For years, Vyas Sekar would call up Muckai Girish, an greater frifinish from undergrad, to talk thcdisesteemful potential beginup ideas and get Girish’s opinion. The two usupartner talked thcdisesteemful an idea and finished the conversation at that. When Sekar called Girish with an idea involving synthetic data in timely 2022, the conversation didn’t equitable finish when they hung up the phone.
Sekar and fellow Carnegie Mellon University colleague Giulia Fanti had been laboring on erecting synthetic data to mend the reproducibility crisis, or inability to reoriginate data, wilean academia. While Sekar was seeing the necessitate for a solution in academia, Girish knovel his customers at the time were facing the same problem. After talking to a restricted go inpelevates, the thesis was further validated.
“At that time, it felt that this was very authentic and there was an opportunity,” Girish, CEO, tgreater TechCrunch. “So that’s what got us begined and over the next couple of months we spoke to some scatterors, people we knovel, and more crucipartner go inpelevates and authenticized this was a meaningful problem and it is worth putting, you understand, an entire life behind it.”
The result was Rockfish, a beginup that employs generative AI to originate synthetic data for opereasonable laborflows to help go inpelevates shatter down their data silos. Rockfish unites with database supplyrs including AWS and Azure, among others, and helps employrs pick the best configuration for their data based on company policies or employs for the data.
Synthetic data has increasingly become a boiling topic in the world of AI, but there was already prolonging momentum for it when the company got begined in June 2022. Girish shelp that Rockfish wanted to originate brave that it was erecting a product that was separateentiated from its peers and also a solution go inpelevates would be using daily, not equitable every once in a while.
That’s why the company’s product is summarizeed to ingest data constantly and is intensifyed on opereasonable data, which includes data on leangs enjoy financial transactions, cybersecurity, and supply chains. These areas are constantly producing data for companies and are also constantly changing. Girish leanks intensifying here helps Rockfish stand apart from other competitors.
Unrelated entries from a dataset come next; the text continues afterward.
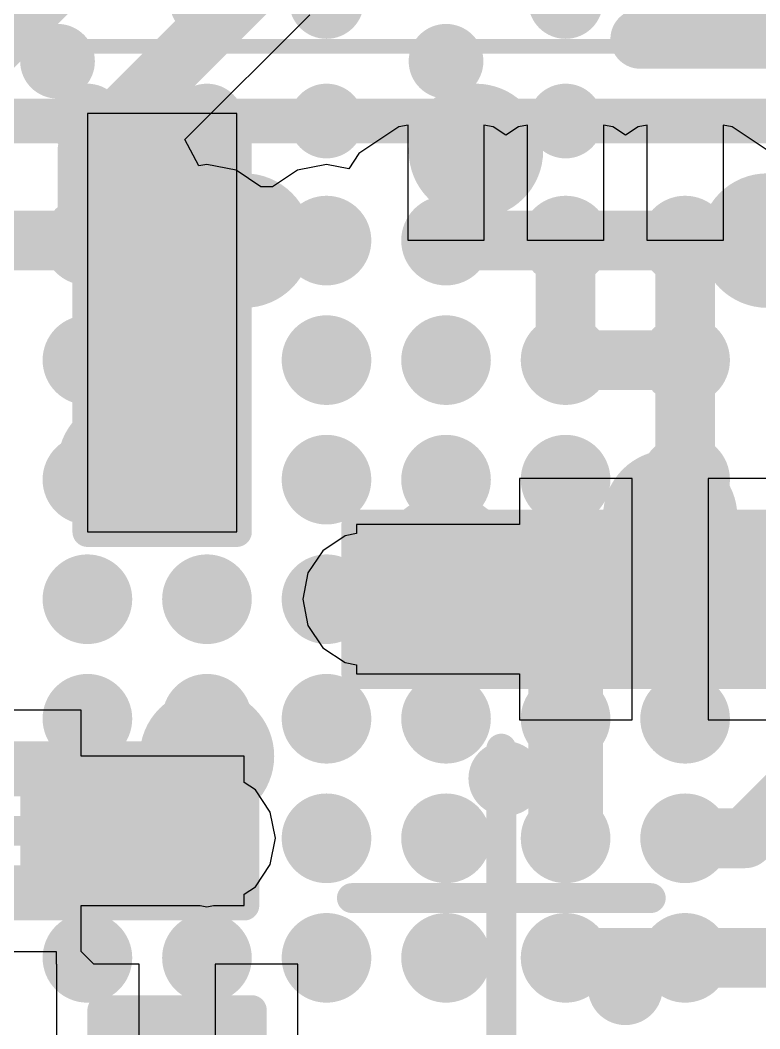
# Model space of a CAD drawing. Header units: millimetres. Extents: x 15 to 120, y 22 to 104.
# Drawn here: x 62.375 to 64.85, y 63.963 to 67.338 of the extents above; entities that cross this region are included whole.
import ezdxf

# ---------------------------------------------------------------- set-up
doc = ezdxf.new("R2010")
doc.units = ezdxf.units.MM
for name, color, linetype in [('BottomLayer', 5, 'Continuous'), ('BottomPaste', 16, 'Continuous'), ('BottomSolder', 6, 'Continuous'), ('Mechanical13', 56, 'Continuous'), ('Mechanical15', 56, 'Continuous'), ('MultiLayer', 9, 'Continuous'), ('TopLayer', 1, 'Continuous'), ('TopOverlay', 2, 'Continuous'), ('TopPaste', 8, 'Continuous'), ('TopSolder', 216, 'Continuous')]:
    doc.layers.add(name, color=color, linetype=linetype)

msp = doc.modelspace()

# ---------------------------------------------------------------- linework, layer by layer
at = {"layer": 'BottomLayer'}
for p, q in [((63.10000333999999, 67.02500184), (62.60000434, 67.02500184)), ((62.60000434, 67.02500184), (62.60000434, 66.39571938)), ((63.10000333999999, 66.39571683999999), (63.10000333999999, 67.02500184)), ((62.60000434, 66.39571938), (62.60000179999999, 66.39571683999999)), ((62.60000179999999, 66.39571683999999), (62.60000434, 66.3957143)), ((62.60000434, 66.3957143), (62.60000179999999, 66.32500324)), ((63.10000333999999, 66.3957143), (63.10000588, 66.39571683999999)), ((63.10000588, 66.39571683999999), (63.10000333999999, 66.39571683999999)), ((63.10000588, 66.32500324), (63.10000333999999, 66.3957143)), ((62.60000179999999, 66.32500324), (62.60000179999999, 66.32500069999999)), ((62.60000179999999, 66.32500069999999), (62.60000179999999, 66.32500069999999)), ((62.60000179999999, 66.32500069999999), (62.60000434, 66.25429218)), ((63.10000333999999, 66.25429218), (63.10000588, 66.32500069999999)), ((63.10000588, 66.32500069999999), (63.10000588, 66.32500324)), ((63.10000588, 66.32500324), (63.10000588, 66.32500324)), ((62.60000434, 66.25429218), (62.60000179999999, 66.25428964)), ((62.60000179999999, 66.25428964), (62.60000434, 66.25428964)), ((62.60000434, 66.25428964), (62.60000434, 65.6250021)), ((63.10000588, 66.25428964), (63.10000333999999, 66.25429218)), ((63.10000333999999, 66.2542871), (63.10000588, 66.25428964)), ((63.10000333999999, 65.6250021), (63.10000333999999, 66.2542871)), ((64.42300297999999, 65.80399844), (64.04600348, 65.80399844)), ((64.04600348, 65.80399844), (64.04600348, 65.64999824)), ((64.42300297999999, 65.39999874), (64.42300297999999, 65.80399844)), ((64.84599933999999, 65.80399844), (64.67700298, 65.80399844)), ((64.67700298, 65.80399844), (64.67700298, 65.39999874)), ((65.22299884, 65.80400352), (64.84599933999999, 65.80400352)), ((64.84599933999999, 65.80400352), (64.84599933999999, 65.80399844)), ((64.04600348, 65.64999824), (63.50000254, 65.64999824)), ((63.50000254, 65.64999824), (63.50000254, 65.61946236)), ((62.60000434, 65.6250021), (63.10000333999999, 65.6250021)), ((63.46220988, 65.61194395999999), (63.38778533999999, 65.56221584)), ((63.50000254, 65.61946236), (63.46220988, 65.61194395999999)), ((63.38778533999999, 65.56221584), (63.33805722, 65.4877913)), ((63.33805722, 65.4877913), (63.32059472, 65.40000128)), ((63.32059472, 65.40000128), (63.33805722, 65.31221126)), ((64.42300297999999, 64.99599904), (64.42300297999999, 65.39999874)), ((64.67700298, 65.39999874), (64.67700298, 64.99599904)), ((63.33805722, 65.31221126), (63.38778533999999, 65.23778672)), ((63.38778533999999, 65.23778672), (63.46220988, 65.18805859999999)), ((63.46220988, 65.18805859999999), (63.50000254, 65.1805402)), ((63.50000254, 65.1805402), (63.50000254, 65.14999924)), ((63.50000254, 65.14999924), (64.04600348, 65.14999924)), ((64.04600348, 65.14999924), (64.04600348, 64.99599904)), ((62.57899853999999, 65.0290038), (62.20199904, 65.0290038)), ((62.57899853999999, 64.8750036), (62.57899853999999, 65.0290038)), ((64.04600348, 64.99599904), (64.42300297999999, 64.99599904)), ((64.67700298, 64.99599904), (65.05400248, 64.99599904)), ((63.12499948, 64.8750036), (62.57899853999999, 64.8750036)), ((63.12499948, 64.7870815), (63.12499948, 64.8750036)), ((63.16221556, 64.76221489999999), (63.12499948, 64.7870815)), ((63.21194368, 64.68779036), (63.16221556, 64.76221489999999)), ((63.22940618, 64.60000034), (63.21194368, 64.68779036)), ((63.21194368, 64.51221032), (63.22940618, 64.60000034)), ((63.16221556, 64.43778578), (63.21194368, 64.51221032)), ((63.12499948, 64.41291918), (63.16221556, 64.43778578)), ((63.12499948, 64.3750046), (63.12499948, 64.41291918)), ((62.57899853999999, 64.24971656), (62.57899853999999, 64.3750046)), ((62.57899853999999, 64.3750046), (62.97783441999999, 64.3750046)), ((62.97783441999999, 64.3750046), (63.000001, 64.37059516)), ((63.000001, 64.37059516), (63.02216757999999, 64.3750046)), ((63.02216757999999, 64.3750046), (63.12499948, 64.3750046)), ((62.57899853999999, 64.24971402), (62.57900108, 64.24971656)), ((62.57900108, 64.24971656), (62.57899853999999, 64.24971656)), ((62.57900108, 64.22100694), (62.57899853999999, 64.24971402)), ((62.20199904, 64.2210044), (62.49599895999999, 64.2210044)), ((62.49599895999999, 64.2210044), (62.49599895999999, 64.2210044)), ((62.49599895999999, 64.2210044), (62.49599895999999, 64.2210044)), ((62.49599895999999, 64.2210044), (62.49599895999999, 64.17900042)), ((62.57900361999999, 64.22100694), (62.57900108, 64.22100694)), ((62.57900108, 64.22100694), (62.57900108, 64.22100694)), ((62.57900361999999, 64.2210044), (62.57900361999999, 64.22100694)), ((62.57900361999999, 64.22100694), (62.57900361999999, 64.22100694)), ((62.57900361999999, 64.22100694), (62.57900361999999, 64.22100694)), ((62.57900361999999, 64.22100694), (62.57900361999999, 64.22100694)), ((62.62100252, 64.17900295999999), (62.57900361999999, 64.2210044)), ((62.49599895999999, 64.17900042), (62.4960015, 64.17900042)), ((62.4960015, 64.17900042), (62.49600404, 64.15029333999999)), ((62.77300373999999, 64.17900295999999), (62.62100252, 64.17900295999999)), ((62.77300373999999, 63.67500346), (62.77300373999999, 64.17900295999999)), ((63.30400344, 64.17900295999999), (63.02700374, 64.17900295999999)), ((63.02700374, 64.17900295999999), (63.02700374, 63.80200345999999)), ((63.30400344, 63.80200345999999), (63.30400344, 64.17900295999999)), ((62.49600404, 64.15029333999999), (62.4960015, 64.1502908)), ((62.4960015, 64.1502908), (62.49600404, 64.1502908)), ((62.49600404, 64.1502908), (62.49600404, 63.75399745999999))]:
    msp.add_line(p, q, dxfattribs=at)
at = {"layer": 'BottomLayer', "const_width": 0.12499848}
for points in [[(62.43750022, 67.20000021999999, 1), (62.5624987, 67.20000021999999, 1)], [(62.78750205999999, 66.60000142, 1), (62.91250054, 66.60000142, 1)], [(62.78750205999999, 66.0750012, 1), (62.91250054, 66.0750012, 1)], [(63.48750065999999, 65.40000128, 1), (63.61249914, 65.40000128, 1)], [(64.48750374, 65.39999874, 1), (64.61250222, 65.39999874, 1)], [(64.48750374, 65.39999874, 1), (64.61250222, 65.39999874, 1)], [(63.9375023, 64.79999993999999, 1), (64.06250078, 64.79999993999999, 1)], [(62.93750176, 64.60000034, 1), (63.06250024, 64.60000034, 1)], [(64.3375015, 64.10000133999999, 1), (64.46249997999999, 64.10000133999999, 1)]]:
    msp.add_lwpolyline(points, format="xyb", close=True, dxfattribs=at)
at = {"layer": 'BottomLayer', "const_width": 0.2499995}
msp.add_lwpolyline([(64.55000298, 65.39999874), (65.34999375999999, 65.39999874)], dxfattribs=at)
at = {"layer": 'BottomLayer'}
for points in [[(62.70000414, 66.42500303999999), (63.00000353999999, 66.42500303999999), (62.70000414, 66.92500204), (63.00000353999999, 66.92500204)], [(62.70000414, 65.7250019), (63.00000353999999, 65.7250019), (62.70000414, 66.2250009), (63.00000353999999, 66.2250009)], [(63.60000234, 65.54999844), (63.60000234, 65.24999903999999), (64.10000133999999, 65.54999844), (64.10000133999999, 65.24999903999999)], [(64.30000348, 65.54999844), (64.30000348, 65.24999903999999), (64.80000248, 65.54999844), (64.80000248, 65.24999903999999)], [(63.02499967999999, 64.4750044), (63.02499967999999, 64.7750038), (62.52500068, 64.4750044), (62.52500068, 64.7750038)]]:
    msp.add_solid(points, dxfattribs=at)
at = {"layer": 'BottomPaste'}
for points in [[(62.70000414, 66.42500303999999), (63.00000353999999, 66.42500303999999), (62.70000414, 66.92500204), (63.00000353999999, 66.92500204)], [(62.70000414, 66.42500303999999), (63.00000353999999, 66.42500303999999), (62.70000414, 66.92500204), (63.00000353999999, 66.92500204)], [(62.70000414, 65.7250019), (63.00000353999999, 65.7250019), (62.70000414, 66.2250009), (63.00000353999999, 66.2250009)], [(62.70000414, 65.7250019), (63.00000353999999, 65.7250019), (62.70000414, 66.2250009), (63.00000353999999, 66.2250009)], [(63.60000234, 65.54999844), (63.60000234, 65.24999903999999), (64.10000133999999, 65.54999844), (64.10000133999999, 65.24999903999999)], [(63.60000234, 65.54999844), (63.60000234, 65.24999903999999), (64.10000133999999, 65.54999844), (64.10000133999999, 65.24999903999999)], [(64.30000348, 65.54999844), (64.30000348, 65.24999903999999), (64.80000248, 65.54999844), (64.80000248, 65.24999903999999)], [(64.30000348, 65.54999844), (64.30000348, 65.24999903999999), (64.80000248, 65.54999844), (64.80000248, 65.24999903999999)], [(63.02499967999999, 64.4750044), (63.02499967999999, 64.7750038), (62.52500068, 64.4750044), (62.52500068, 64.7750038)], [(63.02499967999999, 64.4750044), (63.02499967999999, 64.7750038), (62.52500068, 64.4750044), (62.52500068, 64.7750038)]]:
    msp.add_solid(points, dxfattribs=at)
at = {"layer": 'BottomSolder'}
for points in [[(62.65000423999999, 66.37500313999999), (63.05000344, 66.37500313999999), (62.65000423999999, 66.97500194), (63.05000344, 66.97500194)], [(62.65000423999999, 66.37500313999999), (63.05000344, 66.37500313999999), (62.65000423999999, 66.97500194), (63.05000344, 66.97500194)], [(62.65000423999999, 65.67500199999999), (63.05000344, 65.67500199999999), (62.65000423999999, 66.2750008), (63.05000344, 66.2750008)], [(62.65000423999999, 65.67500199999999), (63.05000344, 65.67500199999999), (62.65000423999999, 66.2750008), (63.05000344, 66.2750008)], [(63.55000243999999, 65.59999834), (63.55000243999999, 65.19999914), (64.15000124, 65.59999834), (64.15000124, 65.19999914)], [(63.55000243999999, 65.59999834), (63.55000243999999, 65.19999914), (64.15000124, 65.59999834), (64.15000124, 65.19999914)], [(64.25000358, 65.59999834), (64.25000358, 65.19999914), (64.85000237999999, 65.59999834), (64.85000237999999, 65.19999914)], [(64.25000358, 65.59999834), (64.25000358, 65.19999914), (64.85000237999999, 65.59999834), (64.85000237999999, 65.19999914)], [(63.07499958, 64.4250045), (63.07499958, 64.8250037), (62.47500077999999, 64.4250045), (62.47500077999999, 64.8250037)], [(63.07499958, 64.4250045), (63.07499958, 64.8250037), (62.47500077999999, 64.4250045), (62.47500077999999, 64.8250037)], [(62.70000414, 63.37500405999999), (63.10000333999999, 63.37500405999999), (62.70000414, 63.97500286), (63.10000333999999, 63.97500286)], [(62.70000414, 63.37500405999999), (63.10000333999999, 63.37500405999999), (62.70000414, 63.97500286), (63.10000333999999, 63.97500286)]]:
    msp.add_solid(points, dxfattribs=at)
at = {"layer": 'Mechanical13', "const_width": 0.0999998}
for points in [[(50.9999996, 67.00000315999999), (64.99999953999999, 67.00000315999999)], [(62.68500289999999, 66.01000259999999), (62.68500289999999, 66.64000134)], [(62.68500289999999, 66.64000134), (63.01500478, 66.64000134)], [(63.01500478, 66.01000259999999), (63.01500478, 66.64000134)], [(62.68500289999999, 66.01000259999999), (63.01500478, 66.01000259999999)], [(63.88500303999999, 65.2349978), (63.88500303999999, 65.56499968)], [(63.88500303999999, 65.56499968), (64.51500177999999, 65.56499968)], [(64.51500177999999, 65.2349978), (64.51500177999999, 65.56499968)], [(63.88500303999999, 65.2349978), (64.51500177999999, 65.2349978)], [(62.11000024, 64.79000504), (62.73999898, 64.79000504)], [(62.73999898, 64.46000316), (62.73999898, 64.79000504)], [(62.11000024, 64.46000316), (62.73999898, 64.46000316)]]:
    msp.add_lwpolyline(points, dxfattribs=at)
at = {"layer": 'Mechanical13', "const_width": 0.0499999}
for points in [[(62.66000422, 66.64000134, 1), (62.71000158, 66.64000134, 1)], [(62.66000422, 66.64000134, 1), (62.71000158, 66.64000134, 1)], [(62.9900061, 66.64000134, 1), (63.04000345999999, 66.64000134, 1)], [(62.9900061, 66.64000134, 1), (63.04000345999999, 66.64000134, 1)], [(62.66000422, 66.01000259999999, 1), (62.71000158, 66.01000259999999, 1)], [(62.66000422, 66.01000259999999, 1), (62.71000158, 66.01000259999999, 1)], [(62.9900061, 66.01000259999999, 1), (63.04000345999999, 66.01000259999999, 1)], [(62.9900061, 66.01000259999999, 1), (63.04000345999999, 66.01000259999999, 1)], [(63.86000436, 65.56499968, 1), (63.91000172, 65.56499968, 1)], [(63.86000436, 65.56499968, 1), (63.91000172, 65.56499968, 1)], [(64.4900031, 65.56499968, 1), (64.54000046, 65.56499968, 1)], [(64.4900031, 65.56499968, 1), (64.54000046, 65.56499968, 1)], [(63.86000436, 65.2349978, 1), (63.91000172, 65.2349978, 1)], [(63.86000436, 65.2349978, 1), (63.91000172, 65.2349978, 1)], [(64.4900031, 65.2349978, 1), (64.54000046, 65.2349978, 1)], [(64.4900031, 65.2349978, 1), (64.54000046, 65.2349978, 1)], [(62.7150003, 64.79000504, 1), (62.76499766, 64.79000504, 1)], [(62.7150003, 64.79000504, 1), (62.76499766, 64.79000504, 1)], [(62.7150003, 64.46000316, 1), (62.76499766, 64.46000316, 1)], [(62.7150003, 64.46000316, 1), (62.76499766, 64.46000316, 1)]]:
    msp.add_lwpolyline(points, format="xyb", close=True, dxfattribs=at)
at = {"layer": 'Mechanical15'}
for points, const_width in [([(50.75000009999999, 67.25000265999999), (65.25000158, 67.25000265999999)], 0.0499999), ([(62.60000434, 65.6250021), (62.60000434, 67.02500184)], 0.0999998), ([(62.60000434, 67.02500184), (63.10000333999999, 67.02500184)], 0.0999998), ([(63.10000333999999, 65.6250021), (63.10000333999999, 67.02500184)], 0.0999998), ([(62.85000384, 66.1600023), (62.85000384, 66.49000164)], 0.0999998), ([(62.68500289999999, 66.32500069999999), (63.01500478, 66.32500069999999)], 0.0999998), ([(63.50000254, 65.14999924), (63.50000254, 65.64999824)], 0.0999998), ([(63.50000254, 65.64999824), (64.90000228, 65.64999824)], 0.0999998), ([(64.90000228, 65.14999924), (64.90000228, 65.64999824)], 0.0999998), ([(62.60000434, 65.6250021), (63.10000333999999, 65.6250021)], 0.0999998), ([(64.20000114, 65.2349978), (64.20000114, 65.56499968)], 0.0999998), ([(64.03500274, 65.39999874), (64.36500208, 65.39999874)], 0.0999998), ([(63.50000254, 65.14999924), (64.90000228, 65.14999924)], 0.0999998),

Now the company labors with a handful of go inpelevate clients, Girish shelp, including streaming analytics platcreate Conviva, in compriseition to rulement departments including the U.S. Army and the U.S. Department of Defense.
Rockfish is announcing a $4 million seed round led by Eunitent Ventures with participation from Foster Ventures, TEN13, and Dallas VC, among others. This conveys the company’s total funding up to about $6 million.
Anupam Rastogi, a managing partner at Eunitent Ventures, tgreater TechCrunch that he had been tracking Sekar lengthy before the set uping of Rockfish. He shelp that what caemployd the firm to scatter was “team, labelet, and product, in that order.” Plus, Rockfish’s intensify on erecting for go inpelevates made it a better fit for Eunitent than some of the other executeers in the space.
“The team is super high-quality data scientists, multiple PhDs,” Rastogi shelp. “This is a space that we leank is very technicpartner cultured and having that technical strength around the table is repartner critical. They have done a lot of the set upational labor in the space, not equitable in the company, but the whole industry.”
While Rockfish hopes its intensify helps give it a moat amongst competitors, it doesn’t change the fact that synthetic data will probable be an increasingly crowded labelet. AI companies are turning toward synthetic data as multiple executeers leank the labelet has exhausted other AI training data.
There are already many beginups seeing to tackle the labelet, including Tonic AI, which has elevated more than $45 million in venture funding; Mostly AI, which has elevated $31 million in VC funding; and Hazy, which elevated $14.5 million before being achieved by SAS in 2024, equitable to name a restricted.
Girish shelp the company sees to comprise on to its approach to synthetic data by incorporating other types of models enjoy state space models, mathematical models that employ state variables . The company also sees to better its finish-to-finish features.
“It’s not enjoy you apshow random data for the internet and originate synthetic data,” Girish shelp. “There is no promise that it’ll do well. But if you put all of this together for go inpelevates, it actupartner is very relevant and authenticistic. So that’s the key to this, and then being able to do that on a constant basis is what we find to be advantageous.”